_RECORDS PROVIDED_:

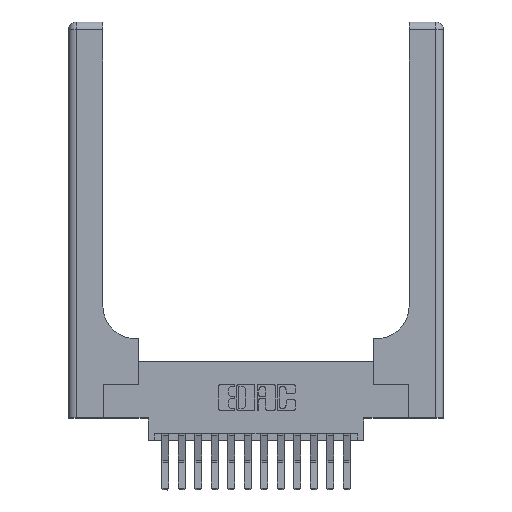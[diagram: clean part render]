
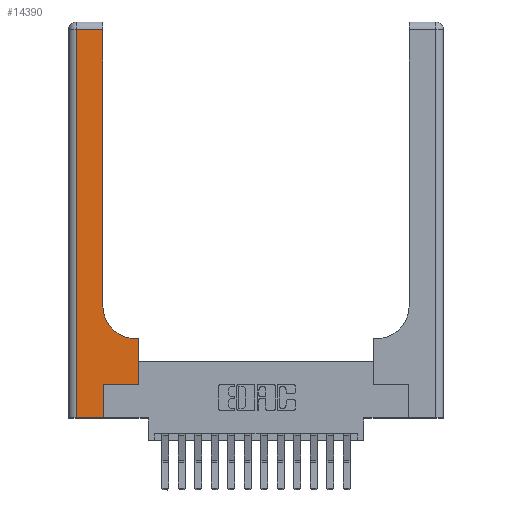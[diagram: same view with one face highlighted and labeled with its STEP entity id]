
A CAD part, top view. The second image highlights one B-rep face of the part: STEP entity #14390.
In plain terms, the highlighted planar face has unit normal (0, 0, 1).
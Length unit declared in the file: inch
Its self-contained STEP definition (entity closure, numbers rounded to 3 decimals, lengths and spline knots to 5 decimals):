
#816 = LINE ( 'NONE', #11874, #4010 ) ;
#1134 = DIRECTION ( 'NONE',  ( 1., 0., 0. ) ) ;
#1203 = CIRCLE ( 'NONE', #8371, 0.25 ) ;
#1583 = DIRECTION ( 'NONE',  ( 0., 0., -1. ) ) ;
#1710 = CARTESIAN_POINT ( 'NONE',  ( 0.51, 0.6, 0.37 ) ) ;
#1780 = DIRECTION ( 'NONE',  ( 1., 0., 0. ) ) ;
#2034 = VECTOR ( 'NONE', #11798, 39.37008 ) ;
#2881 = VECTOR ( 'NONE', #5581, 39.37008 ) ;
#2898 = CARTESIAN_POINT ( 'NONE',  ( 0.528, 0.25, 0.37 ) ) ;
#3002 = DIRECTION ( 'NONE',  ( -1., 0., 0. ) ) ;
#3186 = ORIENTED_EDGE ( 'NONE', *, *, #13814, .T. ) ;
#3219 = CARTESIAN_POINT ( 'NONE',  ( 0.06, 0., 0.37 ) ) ;
#3423 = ORIENTED_EDGE ( 'NONE', *, *, #8493, .T. ) ;
#3794 = FACE_OUTER_BOUND ( 'NONE', #4242, .T. ) ;
#3919 = DIRECTION ( 'NONE',  ( -1., 0., 0. ) ) ;
#4010 = VECTOR ( 'NONE', #9329, 39.37008 ) ;
#4069 = EDGE_CURVE ( 'NONE', #17039, #17271, #11765, .T. ) ;
#4242 = EDGE_LOOP ( 'NONE', ( #13355, #5815, #8565, #9284, #3186, #11785, #3423, #12846, #13285 ) ) ;
#5336 = VERTEX_POINT ( 'NONE', #1710 ) ;
#5581 = DIRECTION ( 'NONE',  ( 0., 1., 0. ) ) ;
#5727 = LINE ( 'NONE', #14981, #9674 ) ;
#5815 = ORIENTED_EDGE ( 'NONE', *, *, #13961, .T. ) ;
#6483 = LINE ( 'NONE', #14836, #2881 ) ;
#7152 = CARTESIAN_POINT ( 'NONE',  ( 0.26, 0.85, 0.37 ) ) ;
#7428 = VERTEX_POINT ( 'NONE', #14181 ) ;
#7937 = PLANE ( 'NONE',  #11787 ) ;
#8124 = DIRECTION ( 'NONE',  ( 0., -1., 0. ) ) ;
#8308 = VECTOR ( 'NONE', #15269, 39.37008 ) ;
#8371 = AXIS2_PLACEMENT_3D ( 'NONE', #9621, #1583, #10950 ) ;
#8492 = CARTESIAN_POINT ( 'NONE',  ( 0.265, 0.25, 0.37 ) ) ;
#8493 = EDGE_CURVE ( 'NONE', #15973, #10717, #6483, .T. ) ;
#8565 = ORIENTED_EDGE ( 'NONE', *, *, #4069, .T. ) ;
#8594 = VERTEX_POINT ( 'NONE', #7152 ) ;
#9055 = LINE ( 'NONE', #8492, #9474 ) ;
#9284 = ORIENTED_EDGE ( 'NONE', *, *, #16998, .T. ) ;
#9329 = DIRECTION ( 'NONE',  ( 0., 1., 0. ) ) ;
#9474 = VECTOR ( 'NONE', #1780, 39.37008 ) ;
#9621 = CARTESIAN_POINT ( 'NONE',  ( 0.51, 0.85, 0.37 ) ) ;
#9674 = VECTOR ( 'NONE', #3002, 39.37008 ) ;
#10512 = CARTESIAN_POINT ( 'NONE',  ( 0.265, 0.25, 0.37 ) ) ;
#10515 = CARTESIAN_POINT ( 'NONE',  ( 0., 3., 0.37 ) ) ;
#10568 = CARTESIAN_POINT ( 'NONE',  ( 0.06, 2.94, 0.37 ) ) ;
#10717 = VERTEX_POINT ( 'NONE', #12588 ) ;
#10950 = DIRECTION ( 'NONE',  ( 1., 0., 0. ) ) ;
#11175 = EDGE_CURVE ( 'NONE', #10717, #5336, #12243, .T. ) ;
#11442 = VECTOR ( 'NONE', #1134, 39.37008 ) ;
#11765 = LINE ( 'NONE', #16038, #15699 ) ;
#11785 = ORIENTED_EDGE ( 'NONE', *, *, #13001, .T. ) ;
#11787 = AXIS2_PLACEMENT_3D ( 'NONE', #10515, #11915, #3919 ) ;
#11798 = DIRECTION ( 'NONE',  ( 0., 1., 0. ) ) ;
#11874 = CARTESIAN_POINT ( 'NONE',  ( 0.265, 0., 0.37 ) ) ;
#11915 = DIRECTION ( 'NONE',  ( 0., 0., -1. ) ) ;
#12243 = LINE ( 'NONE', #12637, #8308 ) ;
#12588 = CARTESIAN_POINT ( 'NONE',  ( 0.528, 0.6, 0.37 ) ) ;
#12637 = CARTESIAN_POINT ( 'NONE',  ( 0.26, 0.6, 0.37 ) ) ;
#12705 = LINE ( 'NONE', #14397, #2034 ) ;
#12767 = VERTEX_POINT ( 'NONE', #10512 ) ;
#12846 = ORIENTED_EDGE ( 'NONE', *, *, #11175, .T. ) ;
#13001 = EDGE_CURVE ( 'NONE', #12767, #15973, #9055, .T. ) ;
#13285 = ORIENTED_EDGE ( 'NONE', *, *, #15987, .T. ) ;
#13355 = ORIENTED_EDGE ( 'NONE', *, *, #16975, .T. ) ;
#13814 = EDGE_CURVE ( 'NONE', #7428, #12767, #816, .T. ) ;
#13961 = EDGE_CURVE ( 'NONE', #15088, #17039, #5727, .T. ) ;
#14181 = CARTESIAN_POINT ( 'NONE',  ( 0.265, 0., 0.37 ) ) ;
#14390 = ADVANCED_FACE ( 'NONE', ( #3794 ), #7937, .F. ) ;
#14397 = CARTESIAN_POINT ( 'NONE',  ( 0.26, 3., 0.37 ) ) ;
#14455 = CARTESIAN_POINT ( 'NONE',  ( 0., 0., 0.37 ) ) ;
#14836 = CARTESIAN_POINT ( 'NONE',  ( 0.528, 0.25, 0.37 ) ) ;
#14948 = LINE ( 'NONE', #14455, #11442 ) ;
#14981 = CARTESIAN_POINT ( 'NONE',  ( 0., 2.94, 0.37 ) ) ;
#15088 = VERTEX_POINT ( 'NONE', #17015 ) ;
#15269 = DIRECTION ( 'NONE',  ( -1., 0., 0. ) ) ;
#15699 = VECTOR ( 'NONE', #8124, 39.37008 ) ;
#15973 = VERTEX_POINT ( 'NONE', #2898 ) ;
#15987 = EDGE_CURVE ( 'NONE', #5336, #8594, #1203, .T. ) ;
#16038 = CARTESIAN_POINT ( 'NONE',  ( 0.06, 3., 0.37 ) ) ;
#16975 = EDGE_CURVE ( 'NONE', #8594, #15088, #12705, .T. ) ;
#16998 = EDGE_CURVE ( 'NONE', #17271, #7428, #14948, .T. ) ;
#17015 = CARTESIAN_POINT ( 'NONE',  ( 0.26, 2.94, 0.37 ) ) ;
#17039 = VERTEX_POINT ( 'NONE', #10568 ) ;
#17271 = VERTEX_POINT ( 'NONE', #3219 ) ;

_TRY IT_:
Beginning with the line containing "#3919 = DIRECTION" in the material above, copy every line exactly until you have copied the line containing "#12588 = CARTESIAN_POINT".

_REPLY TO THE TASK_:
#3919 = DIRECTION ( 'NONE',  ( -1., 0., 0. ) ) ;
#4010 = VECTOR ( 'NONE', #9329, 39.37008 ) ;
#4069 = EDGE_CURVE ( 'NONE', #17039, #17271, #11765, .T. ) ;
#4242 = EDGE_LOOP ( 'NONE', ( #13355, #5815, #8565, #9284, #3186, #11785, #3423, #12846, #13285 ) ) ;
#5336 = VERTEX_POINT ( 'NONE', #1710 ) ;
#5581 = DIRECTION ( 'NONE',  ( 0., 1., 0. ) ) ;
#5727 = LINE ( 'NONE', #14981, #9674 ) ;
#5815 = ORIENTED_EDGE ( 'NONE', *, *, #13961, .T. ) ;
#6483 = LINE ( 'NONE', #14836, #2881 ) ;
#7152 = CARTESIAN_POINT ( 'NONE',  ( 0.26, 0.85, 0.37 ) ) ;
#7428 = VERTEX_POINT ( 'NONE', #14181 ) ;
#7937 = PLANE ( 'NONE',  #11787 ) ;
#8124 = DIRECTION ( 'NONE',  ( 0., -1., 0. ) ) ;
#8308 = VECTOR ( 'NONE', #15269, 39.37008 ) ;
#8371 = AXIS2_PLACEMENT_3D ( 'NONE', #9621, #1583, #10950 ) ;
#8492 = CARTESIAN_POINT ( 'NONE',  ( 0.265, 0.25, 0.37 ) ) ;
#8493 = EDGE_CURVE ( 'NONE', #15973, #10717, #6483, .T. ) ;
#8565 = ORIENTED_EDGE ( 'NONE', *, *, #4069, .T. ) ;
#8594 = VERTEX_POINT ( 'NONE', #7152 ) ;
#9055 = LINE ( 'NONE', #8492, #9474 ) ;
#9284 = ORIENTED_EDGE ( 'NONE', *, *, #16998, .T. ) ;
#9329 = DIRECTION ( 'NONE',  ( 0., 1., 0. ) ) ;
#9474 = VECTOR ( 'NONE', #1780, 39.37008 ) ;
#9621 = CARTESIAN_POINT ( 'NONE',  ( 0.51, 0.85, 0.37 ) ) ;
#9674 = VECTOR ( 'NONE', #3002, 39.37008 ) ;
#10512 = CARTESIAN_POINT ( 'NONE',  ( 0.265, 0.25, 0.37 ) ) ;
#10515 = CARTESIAN_POINT ( 'NONE',  ( 0., 3., 0.37 ) ) ;
#10568 = CARTESIAN_POINT ( 'NONE',  ( 0.06, 2.94, 0.37 ) ) ;
#10717 = VERTEX_POINT ( 'NONE', #12588 ) ;
#10950 = DIRECTION ( 'NONE',  ( 1., 0., 0. ) ) ;
#11175 = EDGE_CURVE ( 'NONE', #10717, #5336, #12243, .T. ) ;
#11442 = VECTOR ( 'NONE', #1134, 39.37008 ) ;
#11765 = LINE ( 'NONE', #16038, #15699 ) ;
#11785 = ORIENTED_EDGE ( 'NONE', *, *, #13001, .T. ) ;
#11787 = AXIS2_PLACEMENT_3D ( 'NONE', #10515, #11915, #3919 ) ;
#11798 = DIRECTION ( 'NONE',  ( 0., 1., 0. ) ) ;
#11874 = CARTESIAN_POINT ( 'NONE',  ( 0.265, 0., 0.37 ) ) ;
#11915 = DIRECTION ( 'NONE',  ( 0., 0., -1. ) ) ;
#12243 = LINE ( 'NONE', #12637, #8308 ) ;
#12588 = CARTESIAN_POINT ( 'NONE',  ( 0.528, 0.6, 0.37 ) ) ;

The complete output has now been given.